You can install AOSP or custom ROMs such as CyanogenMod and have a perfectly
free, modern smartphone OS. You won't have access to all the Android apps in
the Google Play Store, but that's self-evident. The F-Droid repo provides
verified FOSS apps, or if non-Google proprietary sources are permitted there's
the Amazon Appstore.

> _Most of the work Microsoft does on Android (and iOS) would easily be
> replicable by Google on Windows Phone: Office, Skype, OneDrive... are all
> apps that Google has competitors for on Android and iOS._

The app in question, Cortana, will be able to integrate into Android at least
as deeply as the Bing app does now, which means it can replace Google search
in most ways. If Microsoft had an Android launcher, they could ensure Google
is completely replaced (by supplanting Google Now). Combined with Microsoft's
existing Android lock screen and other apps, all that's needed to complete the
Microsoft Android experience is Windows Store for Android.

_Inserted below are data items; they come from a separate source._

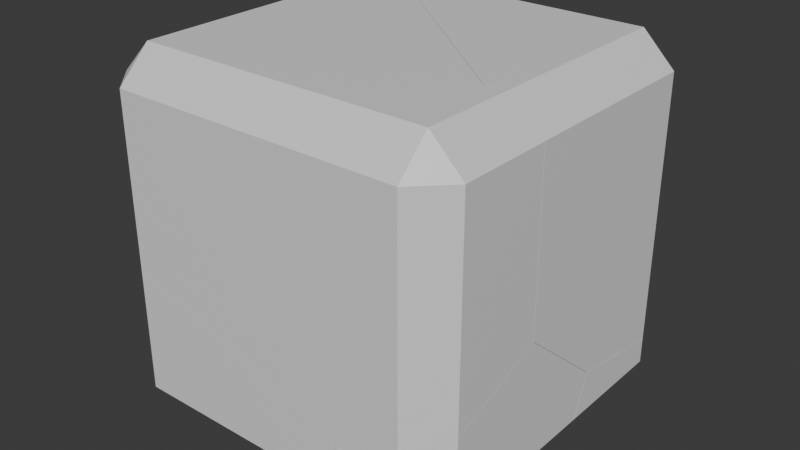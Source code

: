 # Source: brokenBox.blend  (saved by Blender 4.5.90; exported with 4.5.12 LTS)
import bpy
from mathutils import Matrix  # noqa: F401  (used for matrix-valued properties, if any)

bpy.ops.wm.read_factory_settings(use_empty=True)
scene = bpy.context.scene
scene.name = 'Scene'

# ---- collections
col_collection = bpy.data.collections.new('Collection'); scene.collection.children.link(col_collection)

# ---- materials (node trees are filled in below, after node groups)
mat_material = bpy.data.materials.new('Material')
mat_material.alpha_threshold = 0.0
mat_material.roughness = 0.5
mat_material.line_color = (0.0, 0.0, 0.0, 1.0)

# ---- material node trees
mat_material.use_nodes = True; mat_material.node_tree.nodes.clear()
_N = mat_material.node_tree.nodes; _L = mat_material.node_tree.links
n0 = _N.new('ShaderNodeOutputMaterial'); n0.name = 'Material Output'; n0.location = (200, 100)
n1 = _N.new('ShaderNodeBsdfPrincipled'); n1.name = 'Principled BSDF'; n1.location = (-200, 100)
n1.inputs[3].default_value = 1.45
_L.new(n1.outputs[0], n0.inputs[0])
n0.is_active_output = True

# ---- world
world_world = bpy.data.worlds.new('World'); scene.world = world_world
world_world.use_nodes = True; world_world.node_tree.nodes.clear()
_N = world_world.node_tree.nodes; _L = world_world.node_tree.links
n0 = _N.new('ShaderNodeOutputWorld'); n0.name = 'World Output'; n0.location = (200, 100)
n1 = _N.new('ShaderNodeBackground'); n1.name = 'Background'; n1.location = (-200, 100)
n1.inputs[0].default_value = (0.05088, 0.05088, 0.05088, 1.0)
_L.new(n1.outputs[0], n0.inputs[0])
n0.is_active_output = True
world_world.color = (0.05088, 0.05088, 0.05088)
world_world.sun_shadow_jitter_overblur = 0.0

# ---- meshes
me_cube_cell_008 = bpy.data.meshes.new('Cube_cell.008')
me_cube_cell_008.from_pydata([(0.341, 0.518, 0.5744), (0.341, 0.338, 0.7544), (0.521, 0.338, 0.5744), (-0.8254, 0.03644, 0.01129), (-0.1731, 0.3357, -0.66), (0.174, -0.7937, -0.5057), (-0.4764, -0.2628, -0.453), (0.09357, -0.7309, -0.5924), (0.521, -0.7535, -0.3946), (0.521, -0.2412, -0.8276), (0.521, 0.338, -0.9184), (0.4957, 0.3634, -0.913), (0.3577, 0.5013, -0.8832), (0.341, 0.518, -0.8796), (0.04594, 0.518, -0.7696), (0.521, -0.7647, 0.5744), (0.5056, -0.7667, 0.5898), (0.341, -0.788, 0.7544), (0.2378, -0.8002, 0.7544), (-0.7579, 0.518, 0.5744), (-0.7072, 0.518, 0.4895), (-0.8474, 0.4558, 0.6367), (-1.016, 0.338, 0.7544), (-1.076, 0.2667, 0.7544), (0.521, -0.7535, -0.3946), (0.521, -0.2412, -0.8276), (0.521, 0.338, -0.9184), (0.4957, 0.3634, -0.913), (0.3577, 0.5013, -0.8832), (0.341, 0.518, -0.8796), (0.04594, 0.518, -0.7696), (0.521, -0.7647, 0.5744), (0.5056, -0.7667, 0.5898), (0.341, -0.788, 0.7544), (0.2378, -0.8002, 0.7544), (-0.7579, 0.518, 0.5744), (-0.7072, 0.518, 0.4895), (-0.8474, 0.4558, 0.6367), (-1.016, 0.338, 0.7544), (-1.076, 0.2667, 0.7544)], [], [(25, 7, 27, 26), (4, 28, 27, 7), (28, 4, 30, 29), (32, 5, 24, 31), (6, 7, 5), (34, 5, 32, 33), (7, 25, 24, 5), (3, 6, 5), (6, 4, 7), (6, 3, 4), (36, 4, 3, 37, 35), (4, 36, 30), (37, 3, 39, 38), (0, 1, 2), (0, 2, 10, 11, 12, 13), (15, 2, 1, 17, 16), (1, 0, 19, 21, 22), (20, 19, 0, 13, 14), (8, 9, 10, 2, 15), (18, 17, 1, 22, 23), (39, 3, 5, 34)])
_k = set([(8, 9), (8, 15), (9, 10), (10, 11), (11, 12), (12, 13), (13, 14), (14, 20), (15, 16), (16, 17), (17, 18), (18, 23), (19, 20), (19, 21), (21, 22), (22, 23), (24, 25), (24, 31), (25, 26), (26, 27), (27, 28), (28, 29), (29, 30), (30, 36), (31, 32), (32, 33), (33, 34), (34, 39), (35, 36), (35, 37), (37, 38), (38, 39)])
me_cube_cell_008.attributes.new('sharp_edge', 'BOOLEAN', 'EDGE').data.foreach_set('value', [ (min(e.vertices), max(e.vertices)) in _k for e in me_cube_cell_008.edges])
_uv = me_cube_cell_008.uv_layers.new(name='UVMap')
_uv.uv.foreach_set('vector', [0.8943, 0.8943, 0.0, 0.0, 0.8426, 0.0, 0.8954, 0.1251, 1.0, 0.0, 1.0, 0.7135, 0.8426, 0.8426, 0.0, 0.0, 0.7135, 0.7135, 0.0, 0.0, 0.7837, 0.0, 0.7852, 0.6345, 0.1641, 0.0, 1.0, 0.0, 1.0, 0.874, 0.1813, 0.05598, 0.0, 0.0, 1.0, 0.0, 1.0, 1.0, 1.0, 0.03836, 1.0, 1.0, 0.1641, 0.1641, 0.6876, 0.03841, 1.0, 0.0, 1.0, 0.8943, 0.126, 0.0, 0.0, 0.0, 0.0, 0.0, 1.0, 0.0, 1.0, 1.0, 0.0, 0.0, 1.0, 0.0, 1.0, 1.0, 0.0, 0.0, 1.0, 0.0, 1.0, 1.0, 1.0, 0.2149, 1.0, 1.0, 0.0, 0.0, 0.7889, 0.0, 0.9668, 0.1389, 1.0, 1.0, 0.2149, 0.2149, 1.0, 0.2163, 0.7889, 0.7889, 0.0, 0.0, 0.9368, 0.0, 0.937, 0.2496, 0.6025, 0.4775, 0.6447, 0.5169, 0.6025, 0.5223, 0.6025, 0.4775, 0.6025, 0.5223, 0.4157, 0.5225, 0.4157, 0.5165, 0.4157, 0.484, 0.4157, 0.48, 0.6025, 0.6604, 0.6025, 0.5223, 0.6447, 0.5169, 0.6447, 0.6654, 0.6061, 0.6608, 0.6447, 0.5169, 0.6025, 0.4775, 0.6025, 0.34, 0.6122, 0.3268, 0.6284, 0.2954, 0.5918, 0.3464, 0.6025, 0.34, 0.6025, 0.4775, 0.4157, 0.48, 0.4306, 0.4425, 0.4813, 0.659, 0.4271, 0.5949, 0.4157, 0.5225, 0.6025, 0.5223, 0.6025, 0.6604, 0.6578, 0.6669, 0.6447, 0.6654, 0.6447, 0.5169, 0.8167, 0.5215, 0.8242, 0.5308, 0.9368, 0.9368, 1.0, 0.0, 1.0, 1.0, 0.03836, 0.03836])
me_cube_cell_008.materials.append(mat_material)
me_cube_cell_008.update()
me_cube_cell_009 = bpy.data.meshes.new('Cube_cell.009')
me_cube_cell_009.from_pydata([(0.4761, 0.3898, -0.2805), (0.4761, 0.5698, -0.1005), (0.6561, 0.3898, -0.1005), (-0.03755, 0.3883, 0.303), (-0.7414, -0.4511, 0.2721), (-0.3419, -0.2123, 0.5102), (0.03747, -1.024, 0.1221), (0.2268, -0.679, 0.3716), (0.6561, -0.05, 0.1134), (0.6561, -0.1887, 0.1351), (0.2721, 0.5698, 0.1598), (0.4761, 0.5698, 0.08352), (0.6561, 0.3898, 0.04444), (0.1803, 0.5698, 0.1939), (-0.01554, 0.5698, 0.1594), (0.2056, 0.5698, 0.1846), (0.6561, -0.1983, 0.1085), (0.02629, -1.183, -0.2805), (0.4761, -0.5794, -0.2805), (0.6561, -0.2732, -0.1005), (-0.5449, 0.3898, -0.2805), (-0.2844, 0.5449, -0.1253), (-0.2425, 0.5698, -0.1005), (-1.165, -0.3796, -0.2793), (-1.172, -0.3963, -0.2721), (-1.164, -0.4053, -0.2805), (-1.08, -0.4604, -0.2805), (-0.5449, 0.3898, -0.2805), (-1.165, -0.3796, -0.2793), (0.6561, -0.05, 0.1134), (0.6561, -0.1887, 0.1351), (0.4761, 0.5698, 0.08352), (0.6561, 0.3898, 0.04444), (0.2721, 0.5698, 0.1598), (0.1803, 0.5698, 0.1939), (-0.01554, 0.5698, 0.1594), (0.2056, 0.5698, 0.1846), (0.6561, -0.1983, 0.1085), (0.4761, -0.5794, -0.2805), (0.6561, -0.2732, -0.1005), (0.02629, -1.183, -0.2805), (-0.2844, 0.5449, -0.1253), (-0.2425, 0.5698, -0.1005), (-1.172, -0.3963, -0.2721), (-1.164, -0.4053, -0.2805), (-1.08, -0.4604, -0.2805)], [], [(31, 33, 29, 32), (35, 3, 34), (36, 34, 3, 5), (5, 6, 7), (37, 30, 7, 6), (36, 5, 7, 30, 29, 33), (39, 37, 6, 40, 38), (3, 35, 42, 21), (4, 5, 23, 43), (4, 6, 5), (4, 43, 25, 45, 6), (40, 6, 45), (0, 1, 2), (28, 44, 24), (22, 1, 0, 27, 41), (2, 1, 11, 12), (18, 0, 2, 19), (15, 10, 11, 1, 22, 14, 13), (2, 12, 8, 9, 16, 19), (27, 0, 18, 17, 26, 44, 28), (20, 23, 5, 3, 21)])
_k = set([(8, 9), (8, 12), (9, 16), (10, 11), (10, 15), (11, 12), (13, 14), (13, 15), (14, 22), (16, 19), (17, 18), (17, 26), (18, 19), (20, 21), (20, 23), (21, 42), (22, 41), (23, 43), (24, 28), (24, 44), (25, 43), (25, 45), (26, 44), (27, 28), (27, 41), (29, 30), (29, 32), (30, 37), (31, 32), (31, 33), (33, 36), (34, 35), (34, 36), (35, 42), (37, 39), (38, 39), (38, 40), (40, 45)])
me_cube_cell_009.attributes.new('sharp_edge', 'BOOLEAN', 'EDGE').data.foreach_set('value', [ (min(e.vertices), max(e.vertices)) in _k for e in me_cube_cell_009.edges])
_uv = me_cube_cell_009.uv_layers.new(name='UVMap')
_uv.uv.foreach_set('vector', [0.9332, 0.4941, 0.9329, 0.9329, 0.1081, 0.1081, 0.6938, 0.1072, 0.2145, 0.0, 1.0, 0.0, 1.0, 0.7826, 1.0, 0.9394, 0.7826, 0.7826, 0.0, 0.0, 1.0, 0.0, 0.0, 0.0, 1.0, 0.0, 1.0, 1.0, 0.9248, 0.0, 1.0, 0.1049, 1.0, 1.0, 0.0, 0.0, 0.9394, 0.9394, 0.0, 0.0, 0.0, 0.0, 0.8951, 0.0, 1.0, 0.1081, 1.0, 0.9329, 0.9266, 0.525, 0.9248, 0.9248, 0.0, 0.0, 0.8889, 0.0, 0.6626, 0.114, 0.0, 0.0, 0.7855, 0.0, 0.7836, 0.5768, 0.6757, 0.6757, 1.0, 0.0, 1.0, 1.0, 0.06091, 0.06091, 0.09687, 0.0, 0.0, 0.0, 1.0, 0.0, 1.0, 1.0, 0.0, 0.0, 0.9031, 0.0, 0.9295, 0.01669, 1.0, 0.1105, 1.0, 1.0, 1.0, 0.1111, 1.0, 1.0, 0.1105, 0.1105, 0.3525, 0.5225, 0.3919, 0.4803, 0.3973, 0.5225, 0.1475, 0.6183, 0.1475, 0.6219, 0.1465, 0.6208, 0.2848, 0.4889, 0.3919, 0.4803, 0.3525, 0.5225, 0.2249, 0.5225, 0.2756, 0.494, 0.3973, 0.5225, 0.3919, 0.4803, 0.4155, 0.48, 0.4155, 0.5225, 0.3525, 0.6437, 0.3525, 0.5225, 0.3973, 0.5225, 0.3973, 0.6054, 0.4292, 0.4457, 0.4258, 0.4541, 0.4155, 0.48, 0.3919, 0.4803, 0.3943, 0.3893, 0.4266, 0.4177, 0.4304, 0.4425, 0.3973, 0.5225, 0.4155, 0.5225, 0.4241, 0.5775, 0.4268, 0.5948, 0.4235, 0.596, 0.3973, 0.6054, 0.2249, 0.5225, 0.3525, 0.5225, 0.3525, 0.6437, 0.2963, 0.7192, 0.158, 0.6288, 0.1475, 0.6219, 0.1475, 0.6183, 0.7903, 0.7109, 0.06091, 0.0, 1.0, 0.0, 1.0, 0.0, 1.0, 0.6757])
me_cube_cell_009.materials.append(mat_material)
me_cube_cell_009.update()
me_cube_cell_001 = bpy.data.meshes.new('Cube_cell.001')
me_cube_cell_001.from_pydata([(0.2634, -0.1135, 0.5459), (0.08341, -0.1135, 0.7259), (-0.08309, 0.3931, -0.5335), (0.08341, -0.2935, 0.5459), (-0.2875, -0.2374, -0.8253), (-0.2335, -0.2935, 0.5459), (-0.3036, -0.2935, -0.8094), (-0.2791, -0.2935, -0.8444), (0.2634, -0.1135, -0.6283), (0.2634, 0.4332, -0.4232), (-0.2588, -0.2935, -0.8391), (0.08341, -0.2935, -0.7452), (-0.17, -0.1135, 0.7259), (-0.01972, 0.3857, 0.7259), (0.2481, 0.4203, 0.5612), (0.08341, 0.3982, 0.7259), (0.2634, 0.4223, 0.5459), (-0.2335, -0.2935, 0.5459), (-0.3036, -0.2935, -0.8094), (-0.2791, -0.2935, -0.8444), (0.2634, -0.1135, -0.6283), (0.2634, 0.4332, -0.4232), (-0.2588, -0.2935, -0.8391), (0.08341, -0.2935, -0.7452), (-0.17, -0.1135, 0.7259), (-0.01972, 0.3857, 0.7259), (0.08341, 0.3982, 0.7259), (0.2481, 0.4203, 0.5612), (0.2634, 0.4223, 0.5459)], [], [(17, 24, 25, 2, 4, 18), (18, 4, 19), (4, 2, 10, 19), (25, 26, 27, 2), (2, 27, 28, 21), (0, 1, 3), (20, 0, 3, 23), (5, 3, 1, 12), (15, 1, 0, 16, 14), (16, 0, 20, 9), (13, 12, 1, 15), (23, 3, 5, 6, 7, 22), (10, 2, 21, 8, 11)])
_k = set([(5, 6), (5, 12), (6, 7), (7, 22), (8, 11), (8, 21), (9, 16), (9, 20), (10, 11), (10, 19), (12, 13), (13, 15), (14, 15), (14, 16), (17, 18), (17, 24), (18, 19), (20, 23), (21, 28), (22, 23), (24, 25), (25, 26), (26, 27), (27, 28)])
me_cube_cell_001.attributes.new('sharp_edge', 'BOOLEAN', 'EDGE').data.foreach_set('value', [ (min(e.vertices), max(e.vertices)) in _k for e in me_cube_cell_001.edges])
_uv = me_cube_cell_001.uv_layers.new(name='UVMap')
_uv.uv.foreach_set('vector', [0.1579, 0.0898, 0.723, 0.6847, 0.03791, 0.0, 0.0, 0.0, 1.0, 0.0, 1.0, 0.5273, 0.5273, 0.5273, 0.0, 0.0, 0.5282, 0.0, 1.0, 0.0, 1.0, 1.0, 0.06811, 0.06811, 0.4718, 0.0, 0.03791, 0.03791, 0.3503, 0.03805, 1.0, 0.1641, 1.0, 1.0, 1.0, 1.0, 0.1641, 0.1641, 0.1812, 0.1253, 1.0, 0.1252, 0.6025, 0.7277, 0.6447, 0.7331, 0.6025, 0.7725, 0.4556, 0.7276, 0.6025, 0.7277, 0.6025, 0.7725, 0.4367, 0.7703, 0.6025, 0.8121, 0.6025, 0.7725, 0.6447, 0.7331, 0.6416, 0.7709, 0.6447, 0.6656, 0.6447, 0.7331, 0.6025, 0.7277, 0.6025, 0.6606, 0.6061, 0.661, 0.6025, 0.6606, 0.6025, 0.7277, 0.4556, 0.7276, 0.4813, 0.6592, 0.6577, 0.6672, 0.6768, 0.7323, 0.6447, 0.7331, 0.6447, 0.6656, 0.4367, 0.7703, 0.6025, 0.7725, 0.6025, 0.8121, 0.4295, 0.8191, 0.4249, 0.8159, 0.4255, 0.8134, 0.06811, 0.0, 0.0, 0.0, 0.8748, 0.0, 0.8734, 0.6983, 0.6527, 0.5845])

On the other hand, the closest you can get to replacing Cortana on Windows
Phone is to disable Cortana completely, which means queries will be handled by
the search engine in your default browser instead. IE is the only browser
option, but you can choose either Google or Bing (except on phones that
disable the Google option).

Google does achieve remarkable results on iOS despite its restrictions. But
that simply demonstrates the monumental effort it would take to bring a sub-
par version of the Google experience to a locked-down platform, whereas
Microsoft can take over Android with relative ease. iOS has marketshare and
legacy ties to justify the expense, but WP has neither.

------
julianz
How about they actually get around to releasing it on Windows Phone? I bought
a Lumia 735 three weeks ago partly based on advertising on the MS NZ site that
said Cortana was available. It's not, and now they've removed that page.

The most annoying thing about that is the "quiet hours" feature is somehow
dependent on Cortana, so the phone doesn't do that either.

(Other than that, very nice phone and OS, just hobbled)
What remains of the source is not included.